When computing an FX forward rate for an expiry that is not explicitly quoted, it seems to me that a reasonable way to do it is log-linear interpolation of the two nearest outright forward rates, which would correspond to assuming continuous compounding at a constant rate in both currencies. However, it seems that it is common to calculate this rate by linear interpolation (e.g., see this tutorial, page 12).
What is most commonly done in practice by FX traders?
Most common practise is to linearly interpolate. Log-linear would be wrong; forward points are commonly negative, and are merely a delta on the Spot. Closer would be log-linear on the outrights (Spot plus forward points), but even that is not worth bothering with.
If you have some idea of the shapes of the underlying yield curves, you can work out which are the more and less expensive days in the run and price accordingly.

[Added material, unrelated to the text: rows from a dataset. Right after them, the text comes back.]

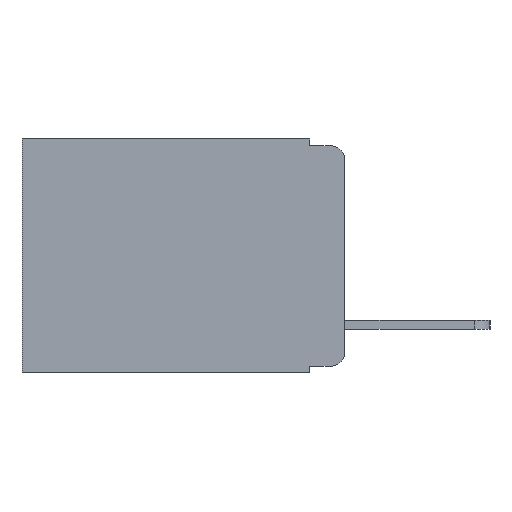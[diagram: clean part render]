
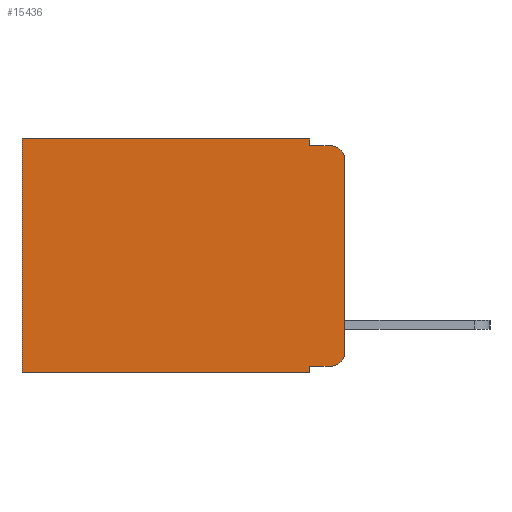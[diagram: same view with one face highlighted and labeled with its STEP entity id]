
A CAD part, left-side view. The second image highlights one B-rep face of the part: STEP entity #15436.
In plain terms, the highlighted planar face has unit normal (-1, 0, 0).
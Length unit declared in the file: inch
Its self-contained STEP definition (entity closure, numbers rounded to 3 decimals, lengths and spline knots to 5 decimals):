
#236 = VERTEX_POINT ( 'NONE', #16621 ) ;
#993 = LINE ( 'NONE', #10295, #9235 ) ;
#1005 = DIRECTION ( 'NONE',  ( 0., 0., -1. ) ) ;
#1206 = DIRECTION ( 'NONE',  ( 0., -1., 0. ) ) ;
#1287 = DIRECTION ( 'NONE',  ( 1., 0., 0. ) ) ;
#1305 = DIRECTION ( 'NONE',  ( 0., 0., -1. ) ) ;
#1357 = EDGE_CURVE ( 'NONE', #7541, #14033, #16815, .T. ) ;
#2046 = EDGE_CURVE ( 'NONE', #14033, #3212, #6258, .T. ) ;
#2086 = EDGE_CURVE ( 'NONE', #3102, #19739, #12931, .T. ) ;
#2425 = VECTOR ( 'NONE', #2680, 39.37008 ) ;
#2680 = DIRECTION ( 'NONE',  ( 0., 0., -1. ) ) ;
#3102 = VERTEX_POINT ( 'NONE', #17241 ) ;
#3212 = VERTEX_POINT ( 'NONE', #16405 ) ;
#3253 = EDGE_CURVE ( 'NONE', #3102, #3212, #6705, .T. ) ;
#3573 = CARTESIAN_POINT ( 'NONE',  ( 0.298, 0.051, 0. ) ) ;
#3631 = DIRECTION ( 'NONE',  ( 0., 0., -1. ) ) ;
#3826 = VECTOR ( 'NONE', #18319, 39.37008 ) ;
#4764 = AXIS2_PLACEMENT_3D ( 'NONE', #7548, #15278, #1305 ) ;
#4792 = FACE_OUTER_BOUND ( 'NONE', #6473, .T. ) ;
#5456 = DIRECTION ( 'NONE',  ( 0., 0., -1. ) ) ;
#5752 = EDGE_CURVE ( 'NONE', #8957, #12143, #12191, .T. ) ;
#6258 = CIRCLE ( 'NONE', #4764, 0.02 ) ;
#6374 = CARTESIAN_POINT ( 'NONE',  ( 0.298, 0., 0. ) ) ;
#6411 = CARTESIAN_POINT ( 'NONE',  ( 0.298, 0.051, -0.333 ) ) ;
#6473 = EDGE_LOOP ( 'NONE', ( #7782, #7914, #7974, #8050, #8208, #8368, #8436, #8619, #8649, #8804 ) ) ;
#6705 = LINE ( 'NONE', #15586, #9782 ) ;
#7341 = VECTOR ( 'NONE', #1206, 39.37008 ) ;
#7415 = EDGE_CURVE ( 'NONE', #236, #14213, #993, .T. ) ;
#7541 = VERTEX_POINT ( 'NONE', #6411 ) ;
#7548 = CARTESIAN_POINT ( 'NONE',  ( 0.298, 0.02, -0.313 ) ) ;
#7652 = EDGE_CURVE ( 'NONE', #7541, #8957, #10917, .T. ) ;
#7723 = CARTESIAN_POINT ( 'NONE',  ( 0.298, 0.051, -0.343 ) ) ;
#7782 = ORIENTED_EDGE ( 'NONE', *, *, #3253, .F. ) ;
#7914 = ORIENTED_EDGE ( 'NONE', *, *, #2086, .T. ) ;
#7974 = ORIENTED_EDGE ( 'NONE', *, *, #18223, .F. ) ;
#8050 = ORIENTED_EDGE ( 'NONE', *, *, #13415, .F. ) ;
#8208 = ORIENTED_EDGE ( 'NONE', *, *, #7415, .T. ) ;
#8368 = ORIENTED_EDGE ( 'NONE', *, *, #17822, .T. ) ;
#8423 = CARTESIAN_POINT ( 'NONE',  ( 0.298, 0.473, 0. ) ) ;
#8436 = ORIENTED_EDGE ( 'NONE', *, *, #5752, .F. ) ;
#8619 = ORIENTED_EDGE ( 'NONE', *, *, #7652, .F. ) ;
#8649 = ORIENTED_EDGE ( 'NONE', *, *, #1357, .T. ) ;
#8804 = ORIENTED_EDGE ( 'NONE', *, *, #2046, .T. ) ;
#8957 = VERTEX_POINT ( 'NONE', #7723 ) ;
#9065 = CARTESIAN_POINT ( 'NONE',  ( 0.298, 0.02, -0.01 ) ) ;
#9096 = CARTESIAN_POINT ( 'NONE',  ( 0.298, 0.473, -0.343 ) ) ;
#9235 = VECTOR ( 'NONE', #10346, 39.37008 ) ;
#9782 = VECTOR ( 'NONE', #16188, 39.37008 ) ;
#9962 = AXIS2_PLACEMENT_3D ( 'NONE', #16297, #16073, #1005 ) ;
#10050 = DIRECTION ( 'NONE',  ( 0., -1., 0. ) ) ;
#10286 = CARTESIAN_POINT ( 'NONE',  ( 0.298, 0.051, -0.01 ) ) ;
#10295 = CARTESIAN_POINT ( 'NONE',  ( 0.298, 0., 0. ) ) ;
#10346 = DIRECTION ( 'NONE',  ( 0., 1., 0. ) ) ;
#10386 = CARTESIAN_POINT ( 'NONE',  ( 0.298, 0.051, -0.333 ) ) ;
#10460 = VECTOR ( 'NONE', #5456, 39.37008 ) ;
#10917 = LINE ( 'NONE', #3573, #2425 ) ;
#10923 = CARTESIAN_POINT ( 'NONE',  ( 0.298, 0.051, -0.01 ) ) ;
#10926 = VERTEX_POINT ( 'NONE', #10286 ) ;
#10942 = LINE ( 'NONE', #8423, #14537 ) ;
#12143 = VERTEX_POINT ( 'NONE', #9096 ) ;
#12191 = LINE ( 'NONE', #16183, #3826 ) ;
#12535 = DIRECTION ( 'NONE',  ( 0., 0., -1. ) ) ;
#12931 = CIRCLE ( 'NONE', #9962, 0.02 ) ;
#13415 = EDGE_CURVE ( 'NONE', #236, #10926, #14536, .T. ) ;
#14033 = VERTEX_POINT ( 'NONE', #15252 ) ;
#14167 = CARTESIAN_POINT ( 'NONE',  ( 0.298, 0.473, 0. ) ) ;
#14213 = VERTEX_POINT ( 'NONE', #14167 ) ;
#14536 = LINE ( 'NONE', #16149, #10460 ) ;
#14537 = VECTOR ( 'NONE', #3631, 39.37008 ) ;
#15252 = CARTESIAN_POINT ( 'NONE',  ( 0.298, 0.02, -0.333 ) ) ;
#15278 = DIRECTION ( 'NONE',  ( -1., 0., 0. ) ) ;
#15436 = ADVANCED_FACE ( 'NONE', ( #4792 ), #19900, .F. ) ;
#15586 = CARTESIAN_POINT ( 'NONE',  ( 0.298, 0., 0. ) ) ;
#16073 = DIRECTION ( 'NONE',  ( -1., 0., 0. ) ) ;
#16149 = CARTESIAN_POINT ( 'NONE',  ( 0.298, 0.051, 0. ) ) ;
#16183 = CARTESIAN_POINT ( 'NONE',  ( 0.298, 0., -0.343 ) ) ;
#16188 = DIRECTION ( 'NONE',  ( 0., 0., -1. ) ) ;
#16297 = CARTESIAN_POINT ( 'NONE',  ( 0.298, 0.02, -0.03 ) ) ;
#16405 = CARTESIAN_POINT ( 'NONE',  ( 0.298, 0., -0.313 ) ) ;
#16621 = CARTESIAN_POINT ( 'NONE',  ( 0.298, 0.051, 0. ) ) ;
#16815 = LINE ( 'NONE', #10386, #20119 ) ;
#17241 = CARTESIAN_POINT ( 'NONE',  ( 0.298, 0., -0.03 ) ) ;
#17822 = EDGE_CURVE ( 'NONE', #14213, #12143, #10942, .T. ) ;
#18223 = EDGE_CURVE ( 'NONE', #10926, #19739, #18925, .T. ) ;
#18319 = DIRECTION ( 'NONE',  ( 0., 1., 0. ) ) ;
#18925 = LINE ( 'NONE', #10923, #7341 ) ;
#19141 = AXIS2_PLACEMENT_3D ( 'NONE', #6374, #1287, #12535 ) ;
#19739 = VERTEX_POINT ( 'NONE', #9065 ) ;
#19900 = PLANE ( 'NONE',  #19141 ) ;
#20119 = VECTOR ( 'NONE', #10050, 39.37008 ) ;

If you don't know the relative yield curve shape, then there's no point in doing anything but linear interp since you're already approximating, and the convention is linear. I believe the phrase is 'you can't polish a ...'
The interesting question is really 'which underlying yield curves?'
As Phil H mentioned, linearly interpolate them is what many traders will do.
Alternatively, if you look at deposit rates, you can try to imply either a spread on one leg or a rate on one leg and interpolate this rate. I did not do this since quite a long time but you should find that the results are not too different.
If I remember correctly usually the bid ask is fairly large for longer maturities, so you have not much chances to cross someone.